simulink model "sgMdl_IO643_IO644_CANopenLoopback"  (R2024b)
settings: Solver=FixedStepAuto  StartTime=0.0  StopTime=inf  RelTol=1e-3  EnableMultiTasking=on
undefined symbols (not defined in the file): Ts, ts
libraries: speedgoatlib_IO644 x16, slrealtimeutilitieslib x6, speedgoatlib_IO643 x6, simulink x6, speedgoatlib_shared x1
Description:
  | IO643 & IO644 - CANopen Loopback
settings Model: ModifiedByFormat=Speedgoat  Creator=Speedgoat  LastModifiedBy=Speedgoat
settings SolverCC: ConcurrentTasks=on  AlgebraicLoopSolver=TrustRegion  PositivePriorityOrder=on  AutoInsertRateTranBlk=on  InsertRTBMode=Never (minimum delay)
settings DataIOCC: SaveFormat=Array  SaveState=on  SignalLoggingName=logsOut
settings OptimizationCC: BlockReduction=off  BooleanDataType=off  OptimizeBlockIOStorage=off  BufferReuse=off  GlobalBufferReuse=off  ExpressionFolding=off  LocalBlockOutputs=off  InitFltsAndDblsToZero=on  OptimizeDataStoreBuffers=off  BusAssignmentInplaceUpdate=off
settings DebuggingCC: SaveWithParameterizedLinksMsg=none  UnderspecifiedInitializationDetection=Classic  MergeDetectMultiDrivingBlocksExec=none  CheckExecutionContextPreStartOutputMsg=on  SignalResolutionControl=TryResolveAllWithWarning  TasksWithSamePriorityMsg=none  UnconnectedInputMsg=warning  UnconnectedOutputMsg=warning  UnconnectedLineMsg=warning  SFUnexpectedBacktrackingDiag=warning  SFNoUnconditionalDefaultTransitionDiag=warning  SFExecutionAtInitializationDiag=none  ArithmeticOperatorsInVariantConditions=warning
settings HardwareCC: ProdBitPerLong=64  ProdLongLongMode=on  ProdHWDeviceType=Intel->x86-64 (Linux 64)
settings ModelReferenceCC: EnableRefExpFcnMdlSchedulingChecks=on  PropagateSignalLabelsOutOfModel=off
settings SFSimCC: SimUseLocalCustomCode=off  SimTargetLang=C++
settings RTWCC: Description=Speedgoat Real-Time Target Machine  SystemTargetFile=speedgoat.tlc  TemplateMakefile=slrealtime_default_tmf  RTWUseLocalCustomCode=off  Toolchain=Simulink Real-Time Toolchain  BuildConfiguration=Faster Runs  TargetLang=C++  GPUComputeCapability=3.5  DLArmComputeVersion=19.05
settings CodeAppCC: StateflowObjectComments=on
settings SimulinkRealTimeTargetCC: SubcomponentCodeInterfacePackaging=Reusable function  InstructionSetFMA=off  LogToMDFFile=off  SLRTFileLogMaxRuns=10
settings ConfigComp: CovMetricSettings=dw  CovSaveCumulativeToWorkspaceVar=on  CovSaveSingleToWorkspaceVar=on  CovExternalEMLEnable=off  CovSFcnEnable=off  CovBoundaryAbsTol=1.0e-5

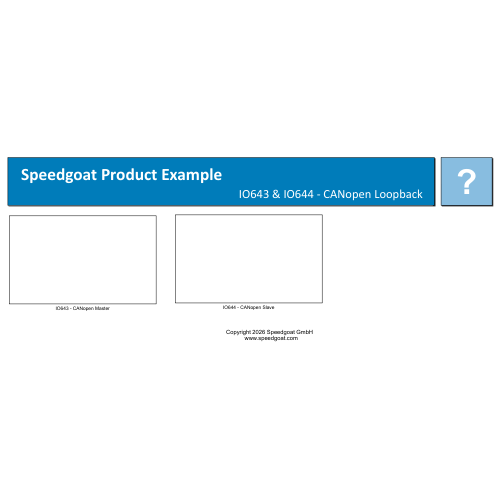
[thumbnail: Simulink's stored preview of the top-level diagram]
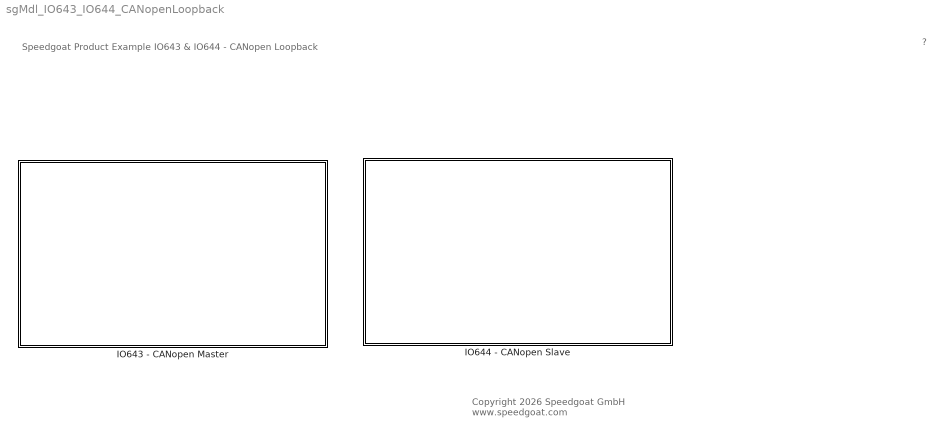
== system sgMdl_IO643_IO644_CANopenLoopback ==
  note: Speedgoat Product Example
      | IO643 & IO644 - CANopen Loopback
  note: ?
  note: Copyright 2026 Speedgoat GmbH
      |  www.speedgoat.com
  IO643 - CANopen Master : Subsystem
  IO644 - CANopen Slave : Subsystem

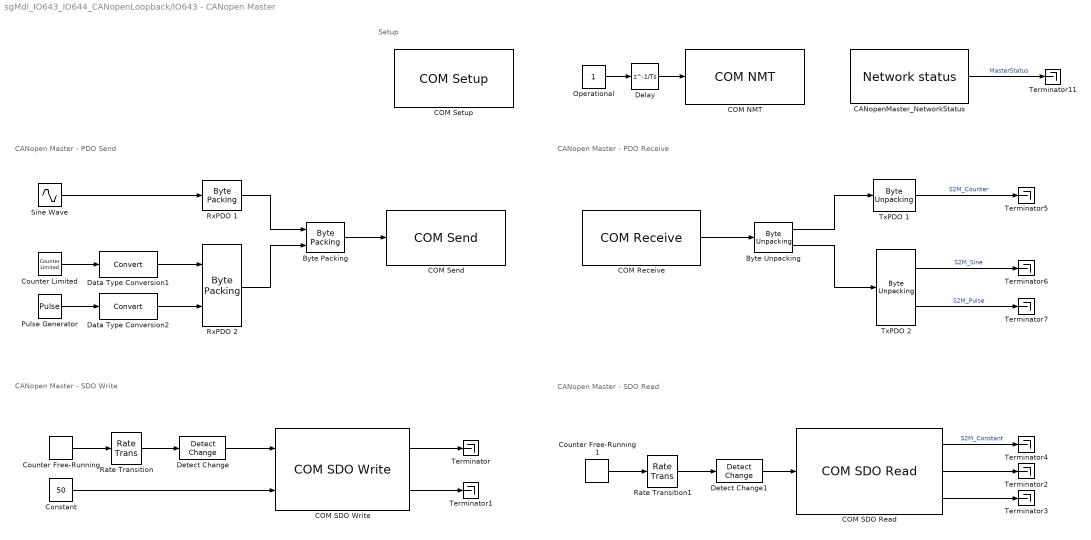
== system sgMdl_IO643_IO644_CANopenLoopback/IO643 - CANopen Master ==
  note: CANopen Master - SDO Write
  note: CANopen Master - PDO Send
  note: CANopen Master - PDO Receive
  note: Setup
  note: CANopen Master - SDO Read
  Byte Packing : slrealtimeutilitieslib/Byte Packing  MaskPackedDataType=uint8  MaskUnpackedDataTypes={'uint8','uint8'}  MaskAlignment=1
  Byte Unpacking : slrealtimeutilitieslib/Byte Unpacking  MaskUnpackedDataTypes={'uint8','uint8'}  MaskUnpackedDataSizes={[4],[5]}  MaskAlignment=1
  CANopenMaster_NetworkStatus : speedgoatlib_shared/IO75X/Network status  id=1  get_status=on  set_status=off  timeout=0.01  ts=Ts
  COM NMT : speedgoatlib_IO643/COM NMT  id=1  CanNodeId=2  SampleTime=Ts
      settings: SourceProductName=IO643 CANopen Master
  COM Receive : speedgoatlib_IO643/COM Receive  id=1  parDataLen=9  parSampleTime=Ts
      settings: SourceProductName=IO643 CANopen Master
  COM SDO Read : speedgoatlib_IO643/COM SDO Read  id=1  CanNodeId=2  SdoIndex=hex2dec('4000')  SdoSubIndex=0  InitValue=int16(0)  SampleTime=Ts
      settings: SourceProductName=IO643 CANopen Master
  COM SDO Write : speedgoatlib_IO643/COM SDO Write  id=1  CanNodeId=2  SdoIndex=hex2dec('6000')  SdoSubIndex=0  SampleTime=Ts
      settings: SourceProductName=IO643 CANopen Master
  COM Send : speedgoatlib_IO643/COM Send  id=1  parDataLen=14  parSampleTime=Ts
      settings: SourceProductName=IO643 CANopen Master
  COM Setup : speedgoatlib_IO643/COM Setup  id=1  BusSlot=-1  HostFile=which('IO643_IO644_Loopback_m.nxd')
      settings: SourceProductName=IO643 CANopen Master
  Constant : Constant  Value=50  OutDataTypeStr=int8  SampleTime=Ts
  Counter Free-Running : simulink/Sources/Counter Free-Running  NumBits=16  tsamp=1
  Counter Free-Running1 : simulink/Sources/Counter Free-Running  NumBits=16  tsamp=1
  Counter Limited : simulink/Sources/Counter Limited  uplimit=100  tsamp=Ts/Ts/10
  Data Type Conversion1 : DataTypeConversion  SaturateOnIntegerOverflow=off  RndMeth=Floor
  Data Type Conversion2 : DataTypeConversion  SaturateOnIntegerOverflow=off  RndMeth=Floor
  Delay : Delay  DelayLength=1/Ts
  Detect Change : simulink/Logic and Bit Operations/Detect Change  vinit=0  OutDataTypeStr=boolean
  Detect Change1 : simulink/Logic and Bit Operations/Detect Change  vinit=0  OutDataTypeStr=boolean
  Operational : Constant  OutDataTypeStr=Inherit: Inherit via back propagation
  Pulse Generator : DiscretePulseGenerator  Amplitude=100  Period=2*1/Ts  PulseWidth=1/Ts  SampleTime=Ts
  Rate Transition : RateTransition
  Rate Transition1 : RateTransition
  RxPDO 1 : slrealtimeutilitieslib/Byte Packing  MaskPackedDataType=uint8  MaskUnpackedDataTypes={'double'}  MaskAlignment=1
  RxPDO 2 : slrealtimeutilitieslib/Byte Packing  MaskPackedDataType=uint8  MaskUnpackedDataTypes={'uint16','int32'}  MaskAlignment=1
  Sine Wave : Sin  Amplitude=100  Frequency=2*pi  Phase=pi  SampleTime=Ts
  Terminator{,1..7,11} (9 alike) : Terminator
  TxPDO 1 : slrealtimeutilitieslib/Byte Unpacking  MaskUnpackedDataTypes={'uint32'}  MaskUnpackedDataSizes={[1]}  MaskAlignment=1
  TxPDO 2 : slrealtimeutilitieslib/Byte Unpacking  MaskUnpackedDataTypes={'single','uint8'}  MaskUnpackedDataSizes={[1],[1]}  MaskAlignment=1
  wires:
  Sine Wave/1 -> RxPDO 1/1
  Counter Limited/1 -> Data Type Conversion1/1
  Constant/1 -> COM SDO Write/2
  COM SDO Read/1 -> Terminator4/1  "S2M_Constant"
  TxPDO 1/1 -> Terminator5/1  "S2M_Counter"
  TxPDO 2/1 -> Terminator6/1  "S2M_Sine"
  TxPDO 2/2 -> Terminator7/1  "S2M_Pulse"
  Data Type Conversion1/1 -> RxPDO 2/1
  Data Type Conversion2/1 -> RxPDO 2/2
  Byte Packing/1 -> COM Send/1
  Pulse Generator/1 -> Data Type Conversion2/1
  CANopenMaster_NetworkStatus/1 -> Terminator11/1  "MasterStatus"
  RxPDO 2/1 -> Byte Packing/2
  RxPDO 1/1 -> Byte Packing/1
  Byte Unpacking/2 -> TxPDO 2/1
  COM Receive/1 -> Byte Unpacking/1
  Byte Unpacking/1 -> TxPDO 1/1
  Detect Change/1 -> COM SDO Write/1
  COM SDO Write/1 -> Terminator/1
  COM SDO Write/2 -> Terminator1/1
  COM SDO Read/2 -> Terminator2/1
  COM SDO Read/3 -> Terminator3/1
  Counter Free-Running/1 -> Rate Transition/1
  Rate Transition/1 -> Detect Change/1
  Rate Transition1/1 -> Detect Change1/1
  Counter Free-Running1/1 -> Rate Transition1/1
  Detect Change1/1 -> COM SDO Read/1
  Operational/1 -> Delay/1
  Delay/1 -> COM NMT/1

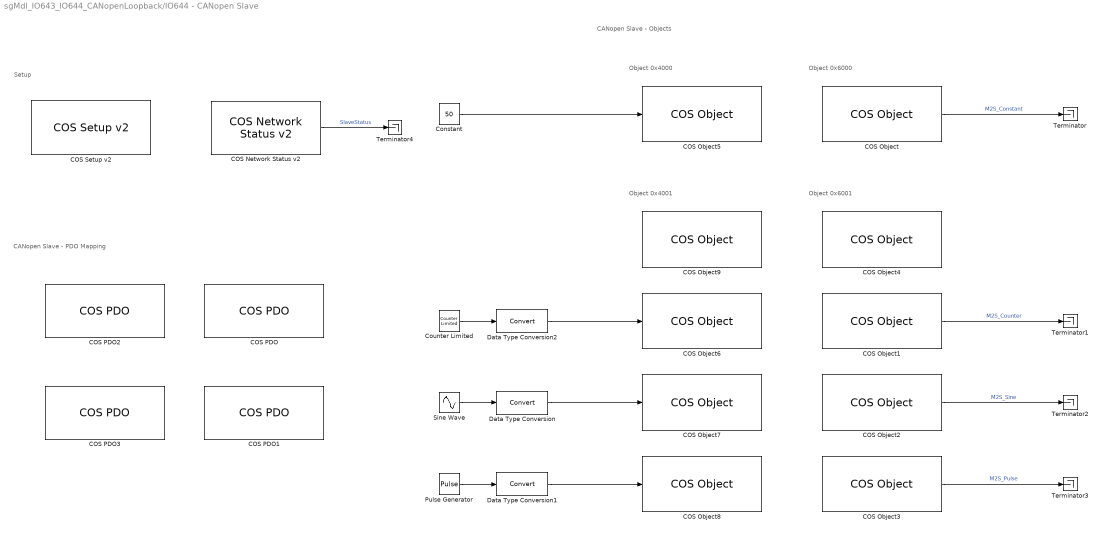
== system sgMdl_IO643_IO644_CANopenLoopback/IO644 - CANopen Slave ==
  note: CANopen Slave - PDO Mapping
  note: Object 0x6001
  note: CANopen Slave - Objects
  note: Setup
  note: Object 0x6000
  note: Object 0x4000
  note: Object 0x4001
  COS Network Status v2 : speedgoatlib_IO644/COS Network Status v2  id=2  StateControl=off  StateCommand=off  ExtDiag=off  Monitoring=off  SampleTime=Ts
      settings: SourceProductName=IO644 CANopen Slave
  COS Object : speedgoatlib_IO644/COS Object  id=2  ObjectName='M2S_Constant'  Index=0x6000  SubIndex=0  ObjectType=VAR  DataType=INTEGER8  AccessRights=rw  InitValue=int8(0)  ReadOp=on  WriteOp=off  ExtendedInterface=off  SampleTime=Ts
      settings: SourceProductName=IO644 CANopen Slave
      settings: AttributesFormatString=|
      | %<Index>
      | %<ObjectName>
  COS Object1 : speedgoatlib_IO644/COS Object  id=2  ObjectName='M2S_Counter'  Index=0x6001  SubIndex=1  ObjectType=VAR  DataType=USIGNED16  AccessRights=wo  InitValue=uint16(0)  ReadOp=on  WriteOp=off  ExtendedInterface=off  SampleTime=Ts
      settings: SourceProductName=IO644 CANopen Slave
      settings: AttributesFormatString=|
      | %<Index>:%<SubIndex>
      | %<ObjectName>
  COS Object2 : speedgoatlib_IO644/COS Object  id=2  ObjectName='M2S_Sine'  Index=0x6001  SubIndex=2  ObjectType=VAR  DataType=REAL64  AccessRights=wo  InitValue=double(0)  ReadOp=on  WriteOp=off  ExtendedInterface=off  SampleTime=Ts
      settings: SourceProductName=IO644 CANopen Slave
      settings: AttributesFormatString=|
      | %<Index>:%<SubIndex>
      | %<ObjectName>
  COS Object3 : speedgoatlib_IO644/COS Object  id=2  ObjectName='M2S_Pulse'  Index=0x6001  SubIndex=3  ObjectType=VAR  DataType=INTEGER32  AccessRights=wo  InitValue=int32(0)  ReadOp=on  WriteOp=off  ExtendedInterface=off  SampleTime=Ts
      settings: SourceProductName=IO644 CANopen Slave
      settings: AttributesFormatString=|
      | %<Index>:%<SubIndex>
      | %<ObjectName>
  COS Object4 : speedgoatlib_IO644/COS Object  id=2  ObjectName='Object_2'  Index=0x6001  SubIndex=0  ObjectType=RECORD  DataType=USIGNED16  AccessRights=wo  InitValue=uint16(0)  ReadOp=off  WriteOp=off  ExtendedInterface=off  SampleTime=Ts
      settings: SourceProductName=IO644 CANopen Slave
      settings: AttributesFormatString=|
      | %<Index>
      | %<ObjectName>
  COS Object5 : speedgoatlib_IO644/COS Object  id=2  ObjectName='S2M_Constant'  Index=0x4000  SubIndex=0  ObjectType=VAR  DataType=INTEGER16  AccessRights=rw  InitValue=int16(0)  ReadOp=off  WriteOp=on  ExtendedInterface=off  SampleTime=Ts
      settings: SourceProductName=IO644 CANopen Slave
      settings: AttributesFormatString=|
      | %<Index>
      | %<ObjectName>
  COS Object6 : speedgoatlib_IO644/COS Object  id=2  ObjectName='S2M_Counter'  Index=0x4001  SubIndex=1  ObjectType=VAR  DataType=USIGNED32  AccessRights=ro  InitValue=uint32(0)  ReadOp=off  WriteOp=on  ExtendedInterface=off  SampleTime=Ts
      settings: SourceProductName=IO644 CANopen Slave
      settings: AttributesFormatString=|
      | %<Index>:%<SubIndex>
      | %<ObjectName>
  COS Object7 : speedgoatlib_IO644/COS Object  id=2  ObjectName='S2M_Sine'  Index=0x4001  SubIndex=2  ObjectType=VAR  DataType=REAL32  AccessRights=ro  InitValue=single(0)  ReadOp=off  WriteOp=on  ExtendedInterface=off  SampleTime=Ts
      settings: SourceProductName=IO644 CANopen Slave
      settings: AttributesFormatString=|
      | %<Index>:%<SubIndex>
      | %<ObjectName>
  COS Object8 : speedgoatlib_IO644/COS Object  id=2  ObjectName='S2M_Pulse'  Index=0x4001  SubIndex=3  ObjectType=VAR  DataType=USIGNED8  AccessRights=ro  InitValue=uint8(5)  ReadOp=off  WriteOp=on  ExtendedInterface=off  SampleTime=Ts
      settings: SourceProductName=IO644 CANopen Slave
      settings: AttributesFormatString=|
      | %<Index>:%<SubIndex>
      | %<ObjectName>
  COS Object9 : speedgoatlib_IO644/COS Object  id=2  ObjectName='Object_1'  Index=0x4001  SubIndex=0  ObjectType=RECORD  DataType=USIGNED16  AccessRights=wo  InitValue=uint16(0)  ReadOp=off  WriteOp=off  ExtendedInterface=off  SampleTime=Ts
      settings: SourceProductName=IO644 CANopen Slave
      settings: AttributesFormatString=|
      | %<Index>
      | %<ObjectName>
  COS PDO : speedgoatlib_IO644/COS PDO  id=2  SampleTime=ts  PdoType=Rx  PdoId=1  CobId=0  Mapping=[0x6001,2]  TransType=synchronous cyclic  TransRate=1  InhibitTime=0  EventTimer=0  SyncStartValue=0
      settings: SourceProductName=IO644 CANopen Slave
      settings: AttributesFormatString=|
      | %<PdoType>PDO %<PdoId>
      | %<Mapping>
  COS PDO1 : speedgoatlib_IO644/COS PDO  id=2  SampleTime=ts  PdoType=Rx  PdoId=2  CobId=0  Mapping=[0x6001,1;0x6001,3]  TransType=event-driven manufacturer specific  TransRate=1  InhibitTime=0  EventTimer=0  SyncStartValue=0
      settings: SourceProductName=IO644 CANopen Slave
      settings: AttributesFormatString=|
      | %<PdoType>PDO %<PdoId>
      | %<Mapping>
  COS PDO2 : speedgoatlib_IO644/COS PDO  id=2  SampleTime=ts  PdoType=Tx  PdoId=1  CobId=0  Mapping=[0x4001,1]  TransType=event-driven manufacturer specific  TransRate=1  InhibitTime=0  EventTimer=50  SyncStartValue=0
      settings: SourceProductName=IO644 CANopen Slave
      settings: AttributesFormatString=|
      | %<PdoType>PDO %<PdoId>
      | %<Mapping>
  COS PDO3 : speedgoatlib_IO644/COS PDO  id=2  SampleTime=ts  PdoType=Tx  PdoId=2  CobId=0  Mapping=[0x4001,2;0x4001,3]  TransType=synchronous cyclic  TransRate=1  InhibitTime=0  EventTimer=1  SyncStartValue=0
      settings: SourceProductName=IO644 CANopen Slave
      settings: AttributesFormatString=|
      | %<PdoType>PDO %<PdoId>
      | %<Mapping>
  COS Setup v2 : speedgoatlib_IO644/COS Setup v2  id=2  PciBusSlot=-1  CanNodeID=2  BaudRate=Auto  DeviceType=0  VendorName='Speedgoat'  VendorId=0x00000267  ProductName='IO644'  ProductCode=1  RevNum=1  HbProducer=0  HbConsumer=[]  GuardTime=0  LifeTimeFactor=0
      settings: SourceProductName=IO644 CANopen Slave
  Constant : Constant  Value=50  OutDataTypeStr=Inherit: Inherit via back propagation  SampleTime=Ts
  Counter Limited : simulink/Sources/Counter Limited  uplimit=100  tsamp=0.1
  Data Type Conversion : DataTypeConversion  SaturateOnIntegerOverflow=off  RndMeth=Floor
  Data Type Conversion1 : DataTypeConversion  SaturateOnIntegerOverflow=off  RndMeth=Floor
  Data Type Conversion2 : DataTypeConversion  SaturateOnIntegerOverflow=off  RndMeth=Floor
  Pulse Generator : DiscretePulseGenerator  Amplitude=100  Period=2*1/Ts  PulseWidth=1/Ts  SampleTime=Ts
  Sine Wave : Sin  Amplitude=100  Frequency=2*pi  Phase=pi  SampleTime=Ts
  Terminator{,1..4} (5 alike) : Terminator
  wires:
  COS Object/1 -> Terminator/1  "M2S_Constant"
  COS Object1/1 -> Terminator1/1  "M2S_Counter"
  COS Object2/1 -> Terminator2/1  "M2S_Sine"
  COS Object3/1 -> Terminator3/1  "M2S_Pulse"
  Constant/1 -> COS Object5/1
  Counter Limited/1 -> Data Type Conversion2/1
  Sine Wave/1 -> Data Type Conversion/1
  Data Type Conversion/1 -> COS Object7/1
  Data Type Conversion1/1 -> COS Object8/1
  Data Type Conversion2/1 -> COS Object6/1
  Pulse Generator/1 -> Data Type Conversion1/1
  COS Network Status v2/1 -> Terminator4/1  "SlaveStatus"

▸ **Goal of the exercise**
Lines from the top of the entries through the line with "settings HardwareCC: ProdBitPerLong=64" are to be transcribed exactly, and nothing more.

▸ **Expected output**
simulink model "sgMdl_IO643_IO644_CANopenLoopback"  (R2024b)
settings: Solver=FixedStepAuto  StartTime=0.0  StopTime=inf  RelTol=1e-3  EnableMultiTasking=on
undefined symbols (not defined in the file): Ts, ts
libraries: speedgoatlib_IO644 x16, slrealtimeutilitieslib x6, speedgoatlib_IO643 x6, simulink x6, speedgoatlib_shared x1
Description:
  | IO643 & IO644 - CANopen Loopback
settings Model: ModifiedByFormat=Speedgoat  Creator=Speedgoat  LastModifiedBy=Speedgoat
settings SolverCC: ConcurrentTasks=on  AlgebraicLoopSolver=TrustRegion  PositivePriorityOrder=on  AutoInsertRateTranBlk=on  InsertRTBMode=Never (minimum delay)
settings DataIOCC: SaveFormat=Array  SaveState=on  SignalLoggingName=logsOut
settings OptimizationCC: BlockReduction=off  BooleanDataType=off  OptimizeBlockIOStorage=off  BufferReuse=off  GlobalBufferReuse=off  ExpressionFolding=off  LocalBlockOutputs=off  InitFltsAndDblsToZero=on  OptimizeDataStoreBuffers=off  BusAssignmentInplaceUpdate=off
settings DebuggingCC: SaveWithParameterizedLinksMsg=none  UnderspecifiedInitializationDetection=Classic  MergeDetectMultiDrivingBlocksExec=none  CheckExecutionContextPreStartOutputMsg=on  SignalResolutionControl=TryResolveAllWithWarning  TasksWithSamePriorityMsg=none  UnconnectedInputMsg=warning  UnconnectedOutputMsg=warning  UnconnectedLineMsg=warning  SFUnexpectedBacktrackingDiag=warning  SFNoUnconditionalDefaultTransitionDiag=warning  SFExecutionAtInitializationDiag=none  ArithmeticOperatorsInVariantConditions=warning
settings HardwareCC: ProdBitPerLong=64  ProdLongLongMode=on  ProdHWDeviceType=Intel->x86-64 (Linux 64)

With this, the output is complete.